Representation by pairs of genomes
Representation with species grouped by taxonomy
What is Artemis?¶
Artemis is a free genome viewer and annotation tool that allows visualisation of sequence features and the results of sequence analyses. It also supports all six-frame translations. It has been developed at the Sanger Institute.
How to open Artemis ?¶
You can access the Artemis application by using:
Artemis region: the sequence is loaded into Artemis but only the features corresponding to the Genomic objects located in the region which is visualized in the Genome Browser are loaded.
Artemis whole genome: the sequence is loaded into Artemis and all genome features are loaded.

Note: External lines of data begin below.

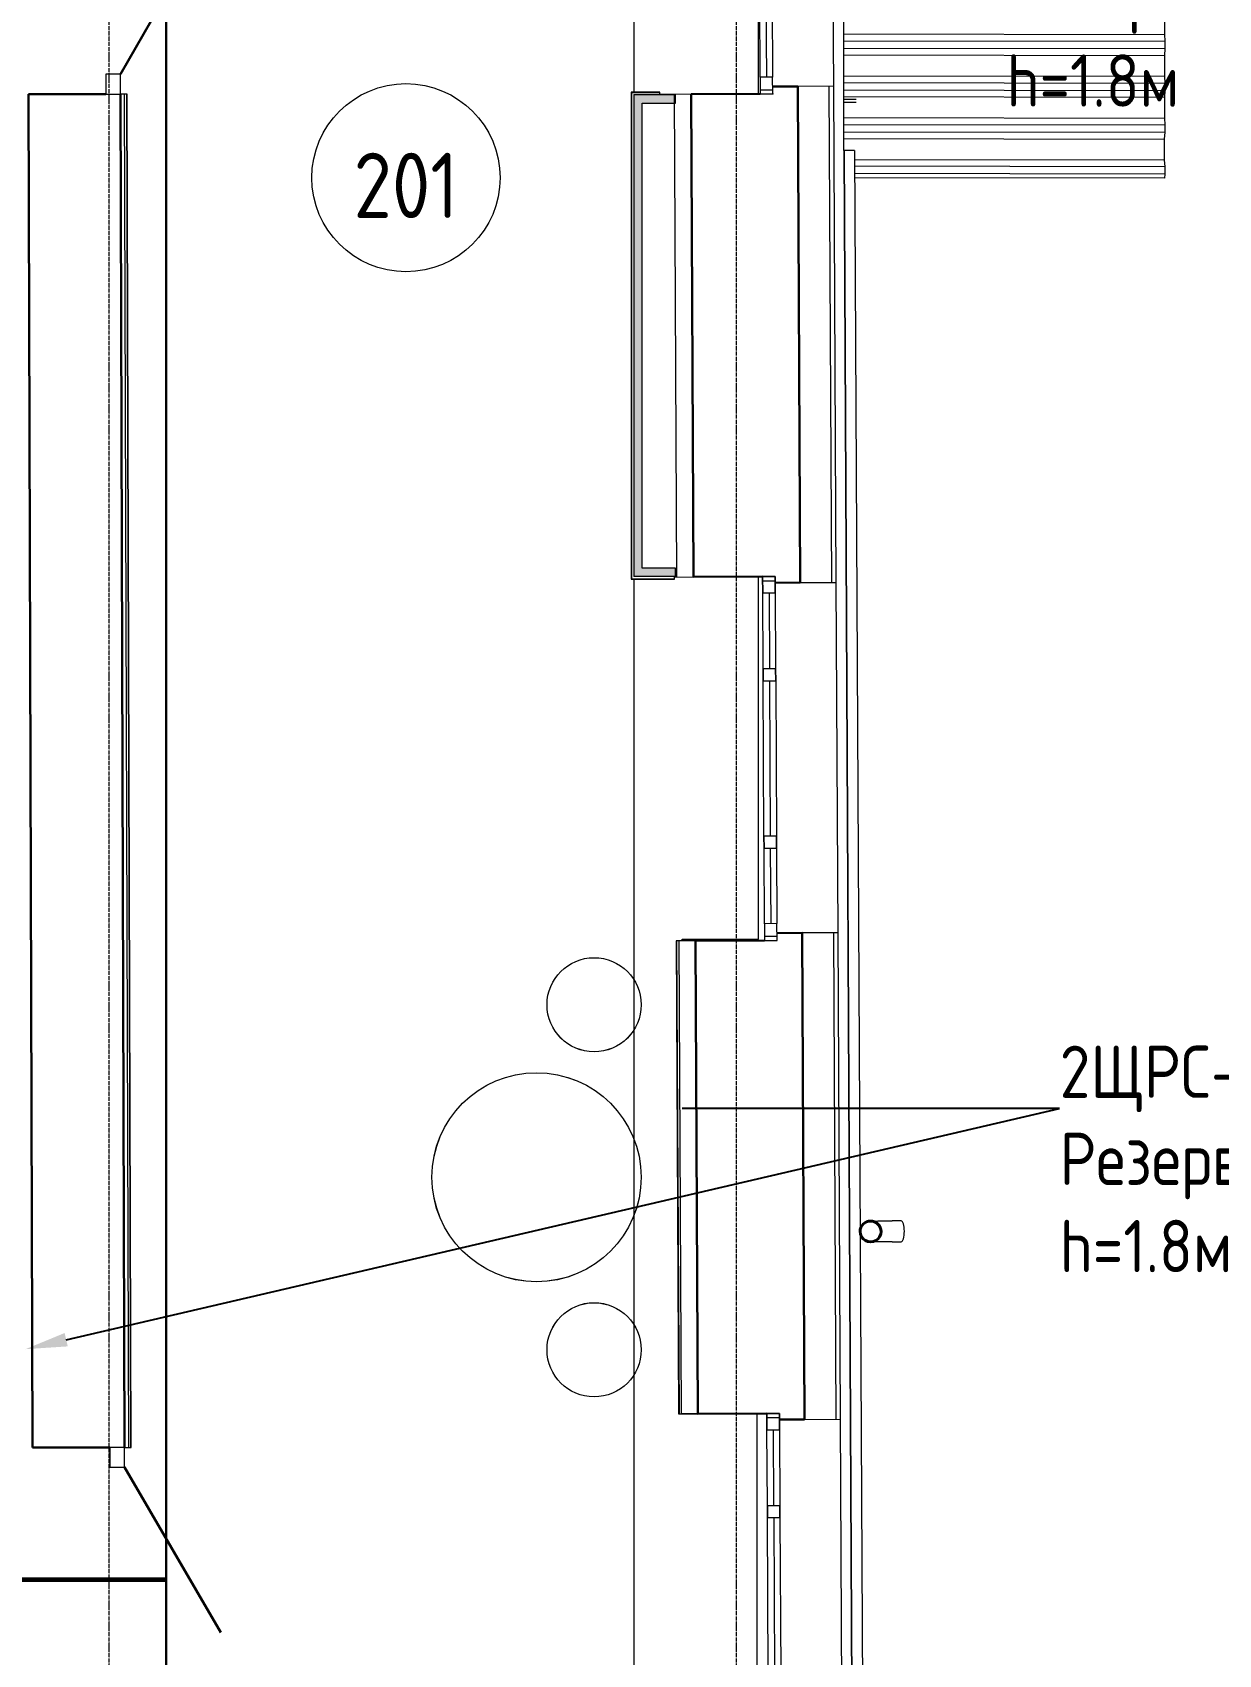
# Model space of a CAD drawing. Header units: millimetres. Extents: x -32 to 417638015, y -35 to 175284279.
# Drawn here: x 416885460 to 416891130, y 175258008 to 175265765 of the extents above; entities that cross this region are included whole.
import ezdxf
from ezdxf import colors
from ezdxf.entities.mleader import LeaderData, LeaderLine
from ezdxf.math import Vec2, Vec3

# ---------------------------------------------------------------- set-up
doc = ezdxf.new("R2010")
doc.units = ezdxf.units.MM
doc.linetypes.add('ADSK_Линия сетки', pattern=[25, 20, -2.5, 0, -2.5])
for name, color, linetype, lineweight in [('_ Окна', 7, 'Continuous', 9), ('_ЭМ_гофра', 5, 'Continuous', 60), ('_ЭМ_ТХобщее_слой', 7, 'Continuous', 30), ('Аннотация', 7, 'Continuous', 18), ('Двери', 7, 'Continuous', 9), ('Обобщенные модели', 7, 'Continuous', 18), ('Ограждение', 7, 'Continuous', 9), ('Окна', 7, 'Continuous', 9), ('Оси', 253, 'Continuous', 9), ('Перекрытие', 7, 'Continuous', 18), ('Стены внутренние', 7, 'Continuous', 18), ('Стены наружные', 7, 'Continuous', 18), ('Стены несущие', 7, 'Continuous', 30), ('Стены отделка', 7, 'Continuous', 30), ('Стены штриховка', 7, 'Continuous', 9), ('ТХ', 5, 'Continuous', 0), ('ШТРИХОВКА', 252, 'Continuous', 15), ('ЭМ_Лоток 1_2', 162, 'Continuous', 30)]:
    doc.layers.add(name, color=color, linetype=linetype, lineweight=lineweight)
doc.layers.add('_ЭМ_Надписи', color=7, linetype='Continuous')
doc.layers.add('ЭОМ_Лотки рабочие', color=5, linetype='Continuous')
doc.layers.add('Линии', color=7, linetype='Continuous', lineweight=9, true_color=0x00a600)
doc.styles.add('GOST Common', font='GOST_Common.ttf', dxfattribs={"width": 0.9, "height": 350})
doc.styles.add('ЭОМ', font='isocpeur.ttf', dxfattribs={"width": 0.85, "height": 250})
doc.linetypes.add('Cable in the tray', pattern='A,5,[130,ltypeshp.shx,S=1,R=0,X=0,Y=0],1.5,[130,ltypeshp.shx,S=1.5,R=90,X=0,Y=-1],1,[130,ltypeshp.shx,S=1,R=0,X=0.5,Y=0],5', length=12.5)

# ---------------------------------------------------------------- blocks, each defined once
blk = doc.blocks.new('Тх 2 этаж')
at = {"layer": 'ТХ', "color": 252, "true_color": 0x939598}
for centre, radius in [((8694.2, 27429.7), 225), ((8419.2, 26604.7), 500), ((8694.2, 25779.7), 225)]:
    blk.add_circle(centre, radius, dxfattribs=at)
blk = doc.blocks.new('План 2 этажа')
at = {"layer": 'Стены внутренние'}
for points in [[(3234.228, 31841.98), (3234.228, 34107.006), (3194.228, 34107.006), (3194.228, 31841.98)], [(3394.228, 34067.006), (3394.228, 34107.006), (3234.228, 34107.006), (3234.228, 34067.006)], [(3194.228, 31801.98), (3394.228, 31801.98), (3394.228, 31841.98), (3194.228, 31841.98)]]:
    blk.add_hatch(color=8, dxfattribs=at).paths.add_polyline_path(points)
at = {"layer": '_ Окна', "color": 8}
for p, q in [((3826.498, 34550.497), (3828.328, 34190.502)), ((3798.633, 34130.35), (3858.632, 34130.655)), ((3810.567, 31782.384), (3870.567, 31782.689)), ((3840.872, 31722.537), (3842.702, 31362.542)), ((3843.007, 31302.543), (3846.768, 30562.552)), ((3847.073, 30502.553), (3848.903, 30142.558)), ((3819.208, 30082.406), (3879.207, 30082.711)), ((3830.909, 27780.438), (3890.908, 27780.743)), ((3861.213, 27720.592), (3863.043, 27360.596)), ((3863.348, 27300.597), (3867.11, 26560.607))]:
    blk.add_line(p, q, dxfattribs=at)
at = {"layer": '_ Окна', "color": 8, "lineweight": 18}
for p, q in [((3858.327, 34190.654), (3798.328, 34190.349)), ((3798.328, 34190.349), (3798.735, 34110.35)), ((3858.734, 34110.655), (3858.327, 34190.654)), ((3798.735, 34110.35), (3858.734, 34110.655)), ((3810.466, 31802.384), (3870.465, 31802.689)), ((3810.872, 31722.385), (3810.466, 31802.384)), ((3870.465, 31802.689), (3870.872, 31722.69)), ((3870.872, 31722.69), (3810.872, 31722.385)), ((3812.702, 31362.389), (3872.701, 31362.694)), ((3813.007, 31302.39), (3812.702, 31362.389)), ((3872.701, 31362.694), (3873.006, 31302.695)), ((3873.006, 31302.695), (3813.007, 31302.39)), ((3816.768, 30562.4), (3876.768, 30562.705)), ((3817.073, 30502.4), (3816.768, 30562.4)), ((3877.073, 30502.705), (3817.073, 30502.4)), ((3876.768, 30562.705), (3877.073, 30502.705)), ((3878.902, 30142.71), (3818.903, 30142.405)), ((3818.903, 30142.405), (3819.31, 30062.406)), ((3879.309, 30062.711), (3878.902, 30142.71)), ((3819.31, 30062.406), (3879.309, 30062.711)), ((3830.807, 27800.438), (3890.806, 27800.743)), ((3831.214, 27720.439), (3830.807, 27800.438)), ((3890.806, 27800.743), (3891.213, 27720.744)), ((3891.213, 27720.744), (3831.214, 27720.439)), ((3833.044, 27360.444), (3893.043, 27360.749)), ((3833.349, 27300.445), (3833.044, 27360.444)), ((3893.043, 27360.749), (3893.348, 27300.75)), ((3893.348, 27300.75), (3833.349, 27300.445))]:
    blk.add_line(p, q, dxfattribs=at)
at = {"layer": 'Двери', "color": 8, "lineweight": 30}
for p, q in [((740.38, 34204.913), (887.116, 34460.83)), ((760.288, 27542.943), (1220.154, 26751.9))]:
    blk.add_line(p, q, dxfattribs=at)
at = {"layer": 'Двери', "color": 8}
for p, q in [((740.38, 34204.913), (670.381, 34204.704)), ((670.381, 34204.704), (670.665, 34109.704)), ((740.664, 34109.913), (740.38, 34204.913)), ((670.665, 34109.704), (740.664, 34109.913)), ((760.004, 27637.942), (690.005, 27637.733)), ((690.005, 27637.733), (690.289, 27542.733)), ((760.288, 27542.943), (760.004, 27637.942)), ((690.289, 27542.733), (760.288, 27542.943))]:
    blk.add_line(p, q, dxfattribs=at)
at = {"layer": 'Линии', "color": 8}
blk.add_circle((2105.492, 33709.859), 450, dxfattribs=at)
at = {"layer": 'Обобщенные модели', "color": 8}
for p, q in [((5731.584, 34494.783), (5731.413, 34394.783)), ((4197.207, 34397.42), (5731.413, 34394.783)), ((5731.413, 34394.783), (5733.394, 34362.284)), ((4197.207, 34364.925), (5733.394, 34362.284)), ((4197.207, 34329.925), (5733.334, 34327.284)), ((4197.207, 34297.42), (5731.241, 34294.783)), ((5731.241, 34294.783), (5731.07, 34194.783)), ((5733.334, 34327.284), (5731.241, 34294.783)), ((5733.394, 34362.284), (5733.334, 34327.284)), ((4197.207, 34197.42), (5731.07, 34194.783)), ((4197.207, 34164.924), (5733.052, 34162.284)), ((5731.07, 34194.783), (5733.052, 34162.284)), ((5733.052, 34162.284), (5732.992, 34127.284)), ((4197.207, 34129.924), (5732.992, 34127.284)), ((4197.207, 34097.42), (5730.899, 34094.783)), ((5730.899, 34094.783), (5730.728, 33994.783)), ((5732.992, 34127.284), (5730.899, 34094.783)), ((4197.207, 33997.42), (5730.728, 33994.783)), ((5730.728, 33994.783), (5732.71, 33962.284)), ((4197.207, 33964.924), (5732.71, 33962.284)), ((4197.207, 33929.924), (5732.65, 33927.284)), ((5732.65, 33927.284), (5730.557, 33894.784)), ((5732.71, 33962.284), (5732.65, 33927.284)), ((4197.207, 33897.419), (5730.557, 33894.784)), ((5730.557, 33894.784), (5730.386, 33794.784)), ((4250.163, 33797.328), (5730.386, 33794.784)), ((5732.367, 33762.285), (4250.496, 33764.832)), ((5730.386, 33794.784), (5732.367, 33762.285)), ((5732.367, 33762.285), (5732.308, 33727.285)), ((5732.308, 33727.285), (4250.674, 33729.832)), ((5731.057, 33707.284), (4250.776, 33709.829)), ((5732.308, 33727.285), (5731.057, 33707.284)), ((4472.287, 28721.131), (4429.784, 28720.915)), ((4430.292, 28620.916), (4472.796, 28621.132))]:
    blk.add_line(p, q, dxfattribs=at)
at = {"layer": 'Обобщенные модели', "color": 8, "flags": 128}
for points in [[(4339.154, 28720.454), (4340.425, 28720.46), (4343.088, 28720.474), (4345.965, 28720.489), (4349.049, 28720.504), (4352.337, 28720.521), (4355.823, 28720.539), (4359.501, 28720.557), (4363.366, 28720.577), (4367.412, 28720.598), (4371.631, 28720.619), (4376.018, 28720.641), (4380.564, 28720.664), (4385.264, 28720.688), (4390.109, 28720.713), (4395.091, 28720.738), (4400.204, 28720.764), (4405.437, 28720.791), (4410.784, 28720.818), (4416.236, 28720.846), (4421.783, 28720.874), (4427.417, 28720.903), (4429.784, 28720.915)], [(4430.292, 28620.916), (4424.624, 28620.887), (4419.04, 28620.859), (4413.548, 28620.831), (4408.156, 28620.803), (4402.875, 28620.776), (4397.711, 28620.75), (4392.673, 28620.725), (4387.77, 28620.7), (4383.009, 28620.676), (4378.398, 28620.652), (4373.944, 28620.629), (4369.654, 28620.608), (4365.536, 28620.587), (4361.595, 28620.567), (4357.838, 28620.548), (4354.271, 28620.529), (4350.901, 28620.512), (4347.731, 28620.496), (4344.767, 28620.481), (4342.015, 28620.467), (4339.663, 28620.455)]]:
    blk.add_lwpolyline(points, dxfattribs=at)
at = {"layer": 'Обобщенные модели', "color": 8}
for start, end in [(0.2912255, 170.3075812), (190.2748698, 0.2912255)]:
    blk.add_arc((4326.392, 28670.388), 52, start, end, dxfattribs=at)
at = {"layer": 'Обобщенные модели', "color": 8, "lineweight": 40}
for start, end in [(0.2912255, 180.2912255), (180.2912255, 0.2912255)]:
    blk.add_arc((4326.392, 28670.388), 50, start, end, dxfattribs=at)
at = {"layer": 'Обобщенные модели', "color": 8}
for start_param, end_param in [(4.71238898, 6.28318531), (3.14159265, 4.71238898)]:
    blk.add_ellipse((4472.542, 28671.131), major_axis=(-0.254, 49.999), ratio=0.30901699, start_param=start_param, end_param=end_param, dxfattribs=at)
at = {"layer": 'Ограждение', "color": 8}
for p, q in [((4197.207, 34085.273), (4256.999, 34085.273)), ((4256.996, 34069.273), (4197.207, 34069.273))]:
    blk.add_line(p, q, dxfattribs=at)
at = {"layer": 'Окна', "color": 8}
for p, q in [((3798.328, 34190.349), (3796.498, 34550.345)), ((3856.497, 34550.65), (3858.327, 34190.654)), ((3798.328, 34190.349), (3798.735, 34110.35)), ((3858.734, 34110.655), (3858.327, 34190.654)), ((3798.735, 34110.35), (3858.734, 34110.655)), ((3870.465, 31802.689), (3810.466, 31802.384)), ((3810.466, 31802.384), (3810.872, 31722.385)), ((3870.872, 31722.69), (3870.465, 31802.689)), ((3812.702, 31362.389), (3810.872, 31722.385)), ((3870.872, 31722.69), (3872.701, 31362.694)), ((3812.702, 31362.389), (3813.007, 31302.39)), ((3873.006, 31302.695), (3872.701, 31362.694)), ((3816.768, 30562.4), (3813.007, 31302.39)), ((3873.006, 31302.695), (3876.768, 30562.705)), ((3816.768, 30562.4), (3817.073, 30502.4)), ((3818.903, 30142.405), (3817.073, 30502.4)), ((3877.073, 30502.705), (3876.768, 30562.705)), ((3877.073, 30502.705), (3878.902, 30142.71)), ((3818.903, 30142.405), (3819.31, 30062.406)), ((3879.309, 30062.711), (3878.902, 30142.71)), ((3819.31, 30062.406), (3879.309, 30062.711)), ((3890.806, 27800.743), (3830.807, 27800.438)), ((3830.807, 27800.438), (3831.214, 27720.439)), ((3891.213, 27720.744), (3890.806, 27800.743)), ((3833.044, 27360.444), (3831.214, 27720.439)), ((3891.213, 27720.744), (3893.043, 27360.749)), ((3833.044, 27360.444), (3833.349, 27300.445)), ((3893.348, 27300.75), (3893.043, 27360.749)), ((3837.11, 26560.454), (3833.349, 27300.445)), ((3893.348, 27300.75), (3897.109, 26560.759))]:
    blk.add_line(p, q, dxfattribs=at)
at = {"layer": 'Оси', "color": 8, "linetype": 'ADSK_Линия сетки'}
for p, q in [((685.923, -4690.674), (685.923, 44561.698)), ((3685.923, -4690.674), (3685.923, 44561.698))]:
    blk.add_line(p, q, dxfattribs=at)
at = {"layer": 'Перекрытие', "color": 8}
for p, q in [((3194.228, 36079.647), (3194.228, 34119.006)), ((3789.91, 34110.306), (3789.91, 35845.614)), ((3400.427, 31808.963), (3394.228, 31808.963)), ((3194.228, 31789.98), (3194.228, 26069.1)), ((3789.91, 30068.963), (3789.91, 31802.486)), ((3425.063, 30060.402), (3425.063, 30068.963)), ((3425.063, 30068.963), (3789.91, 30068.963)), ((3785.063, 27798.377), (3425.063, 27798.377)), ((3785.063, 26060.183), (3785.063, 27798.377))]:
    blk.add_line(p, q, dxfattribs=at)
at = {"layer": 'Стены наружные', "color": 8}
for p, q in [((4197.207, 40868.265), (4197.207, 33839.941)), ((4140.039, 35822.107), (4148.552, 34147.129)), ((4250.114, 33839.941), (4197.207, 33839.941)), ((4264.761, 21121.225), (4200.114, 33839.941)), ((4200.114, 33839.941), (4264.762, 21121.225)), ((4250.114, 33839.941), (4314.762, 21121.225)), ((4160.614, 31774.163), (4169.127, 30099.185)), ((4180.955, 27772.218), (4189.469, 26097.239))]:
    blk.add_line(p, q, dxfattribs=at)
at = {"layer": 'Стены несущие', "color": 8}
for p, q in [((3978.554, 34146.265), (3858.556, 34145.655)), ((3990.616, 31773.299), (3978.554, 34146.265)), ((670.665, 34109.704), (300.666, 34108.598)), ((300.666, 34108.598), (320.006, 27636.627)), ((740.664, 34109.913), (760.004, 27637.942)), ((3798.735, 34110.35), (3468.739, 34108.673)), ((3480.47, 31800.706), (3468.739, 34108.673)), ((3858.734, 34110.655), (3858.744, 34108.655)), ((3480.47, 31800.706), (3810.466, 31802.384)), ((3870.617, 31772.689), (3990.616, 31773.299)), ((3819.31, 30062.406), (3489.314, 30060.729)), ((3500.811, 27798.761), (3489.314, 30060.729)), ((3999.13, 30098.321), (3879.131, 30097.711)), ((4010.957, 27771.353), (3999.13, 30098.321)), ((3500.811, 27798.761), (3830.807, 27800.438)), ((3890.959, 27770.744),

A new window appears with the Artemis interface. All genomic objects are listed in the bottom part of the window using their labels. You can click on the right button of your mouse and select Show Gene names to identify the objects by their gene names instead.
How to use Artemis to identify alternative Start codons ?¶
Double click on an object to select it in the upper part of the window. The object is then positioned at its start position.
ctrl + Y key: Artemis will propose the next possible Start position for your CDS. You can do this several times.
ctrl + U key: Undo your last action.
ctrl + Q key: Select the whole ORF.
Once you have identified an alternative Start codon, you can copy its position and change the value in the Gene annotation editor window of your gene.
What do I do if java doesn’t work on my computer ?¶
Go to the Artemis Website: http://www.sanger.ac.uk/resources/software/artemis/
Download Artemis and install it on your personal computer.
Use the Export functionality to export your genome as an EMBL file. You can then open it with your personal version of Artemis.